TASK ITEM: Across all entries below, how many lines include "linetype"? Answer with the number alone.

GIVEN RECORDS:
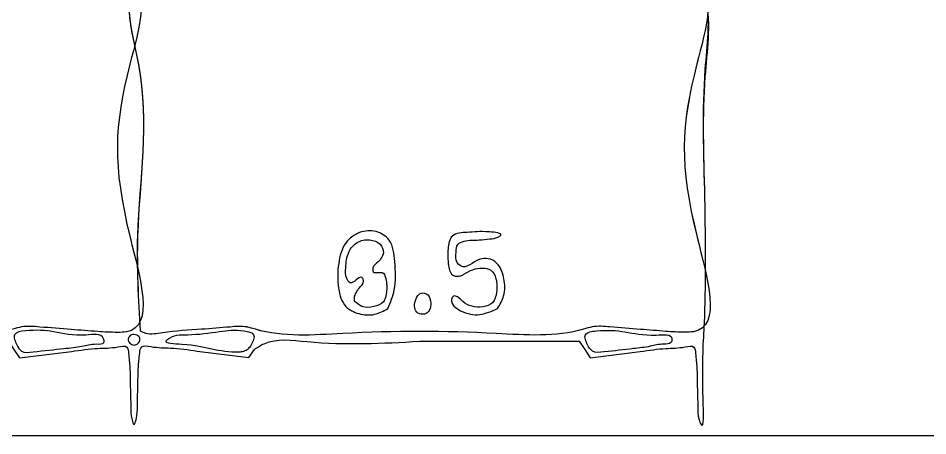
# Model space of a CAD drawing. Extents: x 15.9 to 97.5, y 243.5 to 291.3.
# Drawn here: x 61.35 to 81.72, y 243.53 to 252.88 of the extents above; entities that cross this region are included whole.
import ezdxf

# ---------------------------------------------------------------- set-up
doc = ezdxf.new("R2010")
doc.units = 0
for name, color, linetype in [('black', 7, 'CONTINUOUS'), ('blue', 7, 'CONTINUOUS'), ('red', 7, 'CONTINUOUS')]:
    doc.layers.add(name, color=color, linetype=linetype)

msp = doc.modelspace()

# ---------------------------------------------------------------- linework, layer by layer
at = {"layer": 'black', "color": 7}
for points in [[(15.851808, 267.403162), (15.851808, 291.279162), (56.661142, 291.279162), (97.470476, 291.279162), (97.470476, 267.403162), (97.470476, 243.527163), (56.661142, 243.527163), (15.851808, 243.527163)], [(68.882551, 246.535987)], [(69.629615, 246.376603)], [(70.588818, 246.490481)], [(72.084991, 246.376597)], [(64.083594, 245.869629)]]:
    msp.add_lwpolyline(points, close=True, dxfattribs=at)
for points in [[(50.117303, 245.425324), (51.27545, 245.279832), (51.396296, 245.461837), (51.517142, 245.643841), (56.322488, 245.643841), (61.127835, 245.643841), (61.250935, 245.458441), (61.374035, 245.273042), (62.53734, 245.417348)], [(70.334829, 245.643846), (73.912509, 245.643846), (74.03674, 245.456742), (74.160971, 245.26964), (75.281254, 245.415377)], [(65.35731, 245.425329), (66.515457, 245.279837), (66.636304, 245.461842)]]:
    msp.add_lwpolyline(points, dxfattribs=at)
for points, knots in [([(48.843596, 245.869602), (48.805801, 246.586718), (48.699344, 248.606623), (49.185115, 251.117949), (48.366723, 253.49045), (48.909653, 254.022639), (48.917951, 254.09072), (48.901771, 254.16155), (48.856653, 254.287542), (49.017854, 254.250603), (49.072438, 254.127151), (49.248554, 254.003281), (49.5765, 253.991019), (50.020866, 253.978491), (50.456846, 253.991155), (50.802329, 254.002258), (50.943809, 254.13679), (51.040991, 254.240235), (51.158038, 254.294621), (51.284819, 254.322914), (51.4116, 254.294621), (51.528648, 254.240234), (51.625825, 254.136793), (51.767335, 254.002232), (52.112545, 253.991361), (52.551371, 253.976902), (52.989034, 253.995533), (53.331503, 253.996239), (53.499271, 254.16217), (53.879851, 254.312577), (54.866444, 254.239838), (56.364819, 254.31604), (57.863193, 254.23984), (58.849788, 254.312574), (59.230365, 254.162171), (59.398139, 253.996235), (59.74056, 253.995561), (60.178603, 253.976693), (60.616095, 253.991983), (60.963803, 254.001301), (61.131696, 254.169544), (61.305789, 254.317169), (61.582252, 254.318525), (61.755087, 254.172447), (61.911936, 254.01712), (62.190657, 253.978881), (62.517327, 253.951575), (62.879444, 253.947305), (63.176166, 253.961023), (63.405379, 253.998848), (63.556234, 254.052144), (63.681665, 254.058709), (64.354898, 253.604349), (63.515375, 250.932037), (63.434281, 249.128956), (64.452542, 245.861142), (63.484596, 245.838861), (63.080629, 245.862683), (62.496497, 245.912809), (61.934184, 245.95193), (61.487791, 245.994764), (60.46201, 245.6675), (57.928683, 245.916386), (54.719435, 245.924834), (52.185264, 245.657917), (51.174837, 245.99144), (50.763966, 245.954626), (50.135546, 245.902024), (49.51515, 245.871827), (49.038617, 245.779077), (48.883669, 245.851048), (48.843598, 245.86966)], [0, 0, 0, 0, 2.131708, 6.004398, 8.113401, 8.167778, 8.23154, 8.302195, 8.412764, 8.488841, 8.662814, 8.821884, 9.099927, 9.622954, 10.160049, 10.434266, 10.603779, 10.726075, 10.859054, 10.983732, 11.10841, 11.241389, 11.363684, 11.533199, 11.807416, 12.344511, 12.869743, 13.147138, 13.307591, 13.552933, 14.350335, 16.212278, 18.074221, 18.871622, 19.116964, 19.277418, 19.554813, 20.080044, 20.617139, 20.891356, 21.06087, 21.310555, 21.560311, 21.808869, 21.971229, 22.210042, 22.614481, 22.971202, 23.290825, 23.506686, 23.662907, 23.773772, 23.864794, 26.01721, 29.894454, 32.014635, 32.215755, 32.659822, 33.252147, 33.96109, 34.366715, 34.570757, 37.166187, 41.786394, 44.381754, 44.577089, 44.952209, 45.595863, 46.473391, 46.848736, 46.979662, 46.979662, 46.979662, 46.979662]), ([(64.083596, 245.869596), (64.045801, 246.586712), (63.939344, 248.606617), (64.425115, 251.117943), (63.606723, 253.490444), (64.149653, 254.022633), (64.157951, 254.090714), (64.141771, 254.161544), (64.096653, 254.287536), (64.257854, 254.250597), (64.312438, 254.127145), (64.488554, 254.003275), (64.8165, 253.991013), (65.260866, 253.978486), (65.696847, 253.991149), (66.042329, 254.002252), (66.18381, 254.136784), (66.280992, 254.240229), (66.398038, 254.294615), (66.524819, 254.322908), (66.6516, 254.294615), (66.768648, 254.240229), (66.865825, 254.136786), (67.007332, 254.002234), (67.352568, 253.991287), (67.791724, 253.9774), (68.230435, 253.994089), (68.572385, 253.998352), (68.729085, 254.146506), (68.958569, 254.297345), (69.532154, 254.261811), (70.334819, 254.306424), (71.137483, 254.261811), (71.711069, 254.297343), (71.940552, 254.146506), (72.097259, 253.998351), (72.439159, 253.994116), (72.878252, 253.97719), (73.316072, 253.991909), (73.663805, 254.001303), (73.831695, 254.169536), (74.005789, 254.317164), (74.282252, 254.318519), (74.455088, 254.172441), (74.611937, 254.017114), (74.890658, 253.978875), (75.217327, 253.951569), (75.579444, 253.947299), (75.876166, 253.961017), (76.105379, 253.998842), (76.256235, 254.052138), (76.381664, 254.058703), (77.054369, 253.60473), (76.213036, 250.932535), (76.130449, 249.134866), (77.157614, 245.863407), (76.19938, 245.84284), (75.809275, 245.8667), (75.24468, 245.915827), (74.700601, 245.954143), (74.266624, 245.995606), (73.451526, 245.725843), (71.540413, 245.877839), (69.131697, 245.879217), (67.221863, 245.722868), (66.41488, 245.99165), (66.003934, 245.954449), (65.375554, 245.902061), (64.755143, 245.871788), (64.278613, 245.779046), (64.123665, 245.851017), (64.083594, 245.869629)], [0, 0, 0, 0, 2.131708, 6.004398, 8.113401, 8.167778, 8.23154, 8.302195, 8.412764, 8.488841, 8.662814, 8.821884, 9.099927, 9.622954, 10.160049, 10.434266, 10.60378, 10.726075, 10.859055, 10.983732, 11.10841, 11.241389, 11.363684, 11.533199, 11.807416, 12.344511, 12.871351, 13.148285, 13.3098, 13.501142, 13.957313, 14.950858, 15.944402, 16.400573, 16.591915, 16.753431, 17.030364, 17.557203, 18.094298, 18.368515, 18.53803, 18.787715, 19.037471, 19.286029, 19.448389, 19.687201, 20.09164, 20.448361, 20.767984, 20.983845, 21.140067, 21.250931, 21.341953, 23.492426, 27.369801, 29.488914, 29.682506, 30.111166, 30.68345, 31.36981, 31.763255, 31.964278, 33.923731, 37.362346, 39.32167, 39.517004, 39.892124, 40.535778, 41.413306, 41.788651, 41.919576, 41.919576, 41.919576, 41.919576]), ([(75.281254, 245.415377), (75.477279, 245.44345), (75.819583, 245.492473), (76.179742, 245.487564), (76.50177, 245.563294), (76.525486, 245.297869), (76.555556, 245.025084), (76.554185, 244.617828), (76.572829, 244.22481), (76.56498, 243.955193), (76.717512, 243.590672), (76.650689, 245.164207), (76.753448, 246.154288), (76.744915, 248.902958), (76.645704, 251.281388), (76.900548, 252.894203), (76.65795, 253.842201), (76.849984, 254.022531), (76.857882, 254.090779), (76.841819, 254.16159), (76.796708, 254.287372), (76.957875, 254.251344), (77.050381, 254.035873), (78.005807, 254.029234), (80.122801, 253.975218), (83.587631, 253.957854), (87.342824, 254.173792), (89.178517, 253.78676), (90.687996, 254.164973), (90.652092, 253.638431), (90.629213, 253.232304), (90.543333, 252.587732), (90.514845, 252.027494), (90.403844, 251.548587), (90.561586, 251.384859), (90.701831, 251.199615), (90.675664, 250.725295), (90.697565, 250.147898), (90.711305, 249.472441), (90.703234, 249.15696), (90.781749, 248.781764), (90.86057, 249.155233), (90.85228, 249.469475), (90.867396, 250.158692), (90.885945, 250.736445), (90.863504, 251.240772), (91.00166, 251.372126), (91.048549, 251.416707)], [0, 0, 0, 0, 0.578865, 1.010832, 1.203765, 1.348872, 1.669832, 2.100537, 2.543173, 2.837753, 2.952778, 3.531092, 5.23554, 8.029917, 10.746217, 12.509956, 13.156647, 13.211024, 13.274785, 13.345441, 13.455996, 13.53215, 13.706341, 14.129766, 15.992949, 20.55558, 24.412833, 26.617344, 27.342166, 27.551943, 28.015013, 28.632812, 29.448492, 29.797102, 29.942198, 30.103922, 30.483293, 31.275804, 31.930497, 32.351866, 32.507106, 32.661693, 33.081027, 33.732322, 34.565752, 34.932073, 35.120277, 35.120277, 35.120277, 35.120277]), ([(69.629651, 246.376607), (69.685948, 246.514628), (69.823249, 246.851243), (69.786847, 247.374292), (69.740461, 247.904375), (69.36124, 248.140081), (68.98027, 248.108377), (68.622812, 247.851393), (68.501358, 247.362493), (68.494325, 246.8777), (68.618845, 246.411043), (68.980036, 246.240275), (69.32919, 246.212209), (69.532647, 246.323542), (69.629615, 246.376603)], [0, 0, 0, 0, 0.440892, 1.075272, 1.574528, 1.920406, 2.288095, 2.666305, 3.16067, 3.714705, 4.156982, 4.484943, 4.842061, 5.167251, 5.167251, 5.167251, 5.167251]), ([(72.084985, 246.376604), (72.138742, 246.469232), (72.257483, 246.67383), (72.246327, 247.030662), (72.146525, 247.336066), (71.939667, 247.497328), (71.706737, 247.507912), (71.525392, 247.393654), (71.32716, 247.269947), (71.132269, 247.418441), (71.153732, 247.617841), (71.164343, 247.826406), (71.397801, 247.916005), (71.635911, 247.902079), (71.894845, 247.936715), (72.051686, 247.94872), (72.239606, 248.061155), (71.719168, 248.115921), (71.498953, 248.081504), (71.02497, 248.067554), (70.962818, 247.670815), (70.965937, 247.400069), (71.033564, 247.112715), (71.179047, 247.096696), (71.260161, 247.105658), (71.37289, 247.169889), (71.523244, 247.261662), (71.732914, 247.28915), (71.9632, 247.261536), (72.072636, 247.01456), (72.079074, 246.763447), (72.005611, 246.484844), (71.749861, 246.400811), (71.513365, 246.404408), (71.313637, 246.51059), (71.221055, 246.630889), (71.087526, 246.679088), (71.007937, 246.486938), (71.300258, 246.272895), (71.684518, 246.197992), (71.953869, 246.318119), (72.084991, 246.376597)], [0, 0, 0, 0, 0.315954, 0.697886, 1.03053, 1.247491, 1.441493, 1.683403, 1.899071, 2.058033, 2.29612, 2.470184, 2.626166, 2.962469, 3.208842, 3.387827, 3.467744, 3.732455, 4.227739, 4.572511, 4.871085, 5.249977, 5.498373, 5.578393, 5.662865, 5.741199, 5.96309, 6.183982, 6.373675, 6.601811, 6.899541, 7.153705, 7.378834, 7.637379, 7.859957, 8.016417, 8.114207, 8.196643, 8.520917, 8.961287, 9.379013, 9.379013, 9.379013, 9.379013]), ([(68.882558, 246.535971), (68.878796, 246.56562), (68.870247, 246.632999), (68.91308, 246.737059), (68.98981, 246.85199), (69.106278, 246.94761), (69.044546, 247.122179), (68.9118, 247.008261), (68.782699, 246.917316), (68.671095, 247.09232), (68.684956, 247.324024), (68.71103, 247.627311), (68.922084, 247.886881), (69.209808, 247.937686), (69.46413, 247.855327), (69.565155, 247.61018), (69.429439, 247.427046), (69.285149, 247.335756), (69.283135, 247.167673), (69.415967, 247.187004), (69.524905, 247.189951), (69.587819, 247.070312), (69.601799, 246.933829), (69.604507, 246.774323), (69.581261, 246.638541), (69.516773, 246.478896), (69.304089, 246.407056), (69.057484, 246.387753), (68.935054, 246.491497), (68.882551, 246.535987)], [0, 0, 0, 0, 0.088514, 0.201156, 0.324222, 0.51274, 0.597223, 0.747472, 0.886702, 1.005377, 1.248973, 1.603513, 1.890434, 2.178374, 2.431743, 2.632309, 2.866693, 3.042493, 3.132776, 3.258677, 3.350065, 3.447127, 3.614791, 3.772825, 3.919725, 4.029941, 4.268055, 4.533675, 4.733111, 4.733111, 4.733111, 4.733111]), ([(70.588818, 246.490481), (70.579807, 246.565151), (70.564279, 246.693828), (70.345112, 246.760266), (70.237324, 246.578329), (70.2099, 246.409597), (70.289713, 246.250808), (70.431538, 246.238117), (70.531604, 246.290005), (70.581048, 246.381475), (70.586065, 246.451861), (70.588818, 246.490481)], [0, 0, 0, 0, 0.207537, 0.357644, 0.546174, 0.737317, 0.872922, 1.02125, 1.1058, 1.200915, 1.316548, 1.316548, 1.316548, 1.316548]), ([(66.636304, 245.461842), (66.708315, 245.508641), (67.052923, 245.732597), (68.375479, 245.536682), (69.512389, 245.598864), (70.334829, 245.643846)], [0, 0, 0, 0, 0.254273, 1.216817, 3.734166, 3.734166, 3.734166, 3.734166]), ([(62.53734, 245.417348), (62.740838, 245.445455), (63.096014, 245.494511), (63.468763, 245.486593), (63.800593, 245.565322), (63.825643, 245.298504), (63.85527, 245.024018), (63.854682, 244.622695), (63.871343, 244.209145), (63.867585, 243.983124), (63.942494, 243.724467), (64.017396, 243.983125), (64.013696, 244.209122), (64.030107, 244.625427), (64.03064, 245.027869), (64.059208, 245.306069), (64.093855, 245.5698), (64.424614, 245.495217), (64.800174, 245.502208), (65.154605, 245.4533), (65.35731, 245.425329)], [0, 0, 0, 0, 0.600373, 1.047858, 1.246914, 1.392214, 1.713285, 2.144029, 2.586666, 2.881245, 2.99627, 3.111295, 3.405875, 3.848511, 4.286597, 4.605856, 4.751747, 4.95389, 5.402091, 6.000887, 6.000887, 6.000887, 6.000887])]:
    msp.add_open_spline(points, degree=3, knots=knots, dxfattribs=at)
at = {"layer": 'blue', "color": 7}
for points in [[(15.851808, 267.403162), (15.851808, 291.279162), (56.661142, 291.279162), (97.470476, 291.279162), (97.470476, 267.403162), (97.470476, 243.527163), (56.661142, 243.527163), (15.851808, 243.527163)], [(68.882551, 246.535988)], [(69.629615, 246.376604)], [(70.588818, 246.490482)], [(72.084991, 246.376598)]]:
    msp.add_lwpolyline(points, close=True, dxfattribs=at)
for points in [[(64.083702, 245.869598), (64.083596, 245.869597)], [(50.117303, 245.425324), (51.27545, 245.279832), (51.396296, 245.461837), (51.517142, 245.643841), (56.322488, 245.643841), (61.127835, 245.643841), (61.250935, 245.458441), (61.374035, 245.273042), (62.53734, 245.417348)], [(70.334829, 245.643846), (73.912509, 245.643846), (74.03674, 245.456742), (74.160971, 245.26964), (75.281254, 245.415377)], [(65.35731, 245.425329), (66.515457, 245.279837), (66.636304, 245.461842)]]:
    msp.add_lwpolyline(points, dxfattribs=at)
for points, knots in [([(61.674144, 254.273103), (61.73295, 254.199627), (61.845397, 254.059131), (62.167075, 253.963237), (62.514069, 253.955844), (62.884554, 253.946027), (63.178383, 253.961131), (63.405867, 253.998979), (63.556334, 254.052109), (63.681762, 254.058678), (64.354997, 253.604312), (63.515471, 250.93201), (63.43438, 249.128923), (64.452639, 245.86111), (63.484694, 245.838829), (63.080727, 245.862651), (62.496595, 245.912777), (61.934282, 245.951898), (61.487888, 245.994732), (60.462108, 245.667468), (57.928781, 245.916355), (54.719533, 245.924802), (52.185362, 245.657886), (51.174935, 245.991408), (50.764064, 245.954594), (50.135643, 245.901992), (49.515247, 245.871795), (49.038715, 245.779045), (48.883767, 245.851016), (48.843696, 245.869628)], [0, 0, 0, 0, 0.275613, 0.527015, 0.969209, 1.321047, 1.637207, 1.851772, 2.007994, 2.118858, 2.20988, 4.362296, 8.23954, 10.359721, 10.560841, 11.004907, 11.597232, 12.306175, 12.711801, 12.915842, 15.511272, 20.131479, 22.726839, 22.922174, 23.297295, 23.940949, 24.818476, 25.193821, 25.324747, 25.324747, 25.324747, 25.324747]), ([(64.083596, 245.869597), (64.044254, 246.586332), (63.933579, 248.602608), (64.427952, 251.164635), (63.60641, 253.449051), (64.164787, 254.037762), (64.126545, 254.126338), (64.062926, 254.211165), (63.983295, 254.26894), (63.960345, 254.372189), (64.058556, 254.366427), (64.136922, 254.340117), (64.228417, 254.270137), (64.311928, 254.159965), (64.44084, 254.004986), (64.797413, 253.987602), (65.065437, 253.985144), (65.246442, 253.983485)], [0, 0, 0, 0, 2.135769, 6.008219, 8.119462, 8.178543, 8.253692, 8.371522, 8.504479, 8.55159, 8.625379, 8.712114, 8.826837, 8.95273, 9.134123, 9.400485, 9.954536, 9.954536, 9.954536, 9.954536]), ([(74.374153, 254.273098), (74.432959, 254.199622), (74.545406, 254.059126), (74.867084, 253.963232), (75.214078, 253.955839), (75.584562, 253.946022), (75.878392, 253.961126), (76.105875, 253.998974), (76.256344, 254.052104), (76.381771, 254.058673), (77.05448, 253.604696), (76.213141, 250.932507), (76.130556, 249.134835), (77.157721, 245.863376), (76.199487, 245.842809), (75.809382, 245.866669), (75.244788, 245.915796), (74.700709, 245.954112), (74.266732, 245.995575), (73.451633, 245.725812), (71.54052, 245.877808), (69.131805, 245.879187), (67.221971, 245.722837), (66.414988, 245.991619), (66.004042, 245.954418), (65.375662, 245.90203), (64.755251, 245.871757), (64.278721, 245.779015), (64.123773, 245.850986), (64.083702, 245.869598)], [0, 0, 0, 0, 0.275613, 0.527015, 0.969209, 1.321047, 1.637207, 1.851772, 2.007994, 2.118859, 2.209881, 4.360354, 8.237729, 10.356841, 10.550433, 10.979093, 11.551377, 12.237737, 12.631182, 12.832206, 14.791658, 18.230273, 20.189597, 20.38493, 20.760051, 21.403705, 22.281233, 22.656577, 22.787503, 22.787503, 22.787503, 22.787503]), ([(75.281254, 245.415377), (75.477279, 245.44345), (75.819583, 245.492473), (76.179742, 245.487564), (76.50177, 245.563294), (76.525486, 245.297869), (76.555556, 245.025084), (76.554184, 244.617828), (76.572829, 244.22481), (76.56498, 243.955193), (76.717512, 243.590672), (76.650675, 245.164223), (76.753668, 246.154059), (76.743349, 248.965517), (76.646026, 251.353039), (76.879388, 252.999143), (76.683361, 253.854564), (76.865245, 254.037643), (76.826349, 254.126437), (76.763023, 254.211167), (76.683303, 254.268971), (76.660366, 254.372216), (76.75858, 254.366455), (76.837065, 254.340113), (76.928279, 254.270279), (76.977148, 254.20708), (77.002717, 254.174013)], [0, 0, 0, 0, 0.578865, 1.010832, 1.203765, 1.348872, 1.669832, 2.100537, 2.543173, 2.837753, 2.952778, 3.531092, 5.23554, 8.029917, 10.906664, 12.591201, 13.163211, 13.222291, 13.29744, 13.41527, 13.548228, 13.595338, 13.669128, 13.755912, 13.870741, 13.996755, 13.996755, 13.996755, 13.996755]), ([(69.629651, 246.376608), (69.685948, 246.514629), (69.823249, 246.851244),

PROBLEM SOLUTION: 2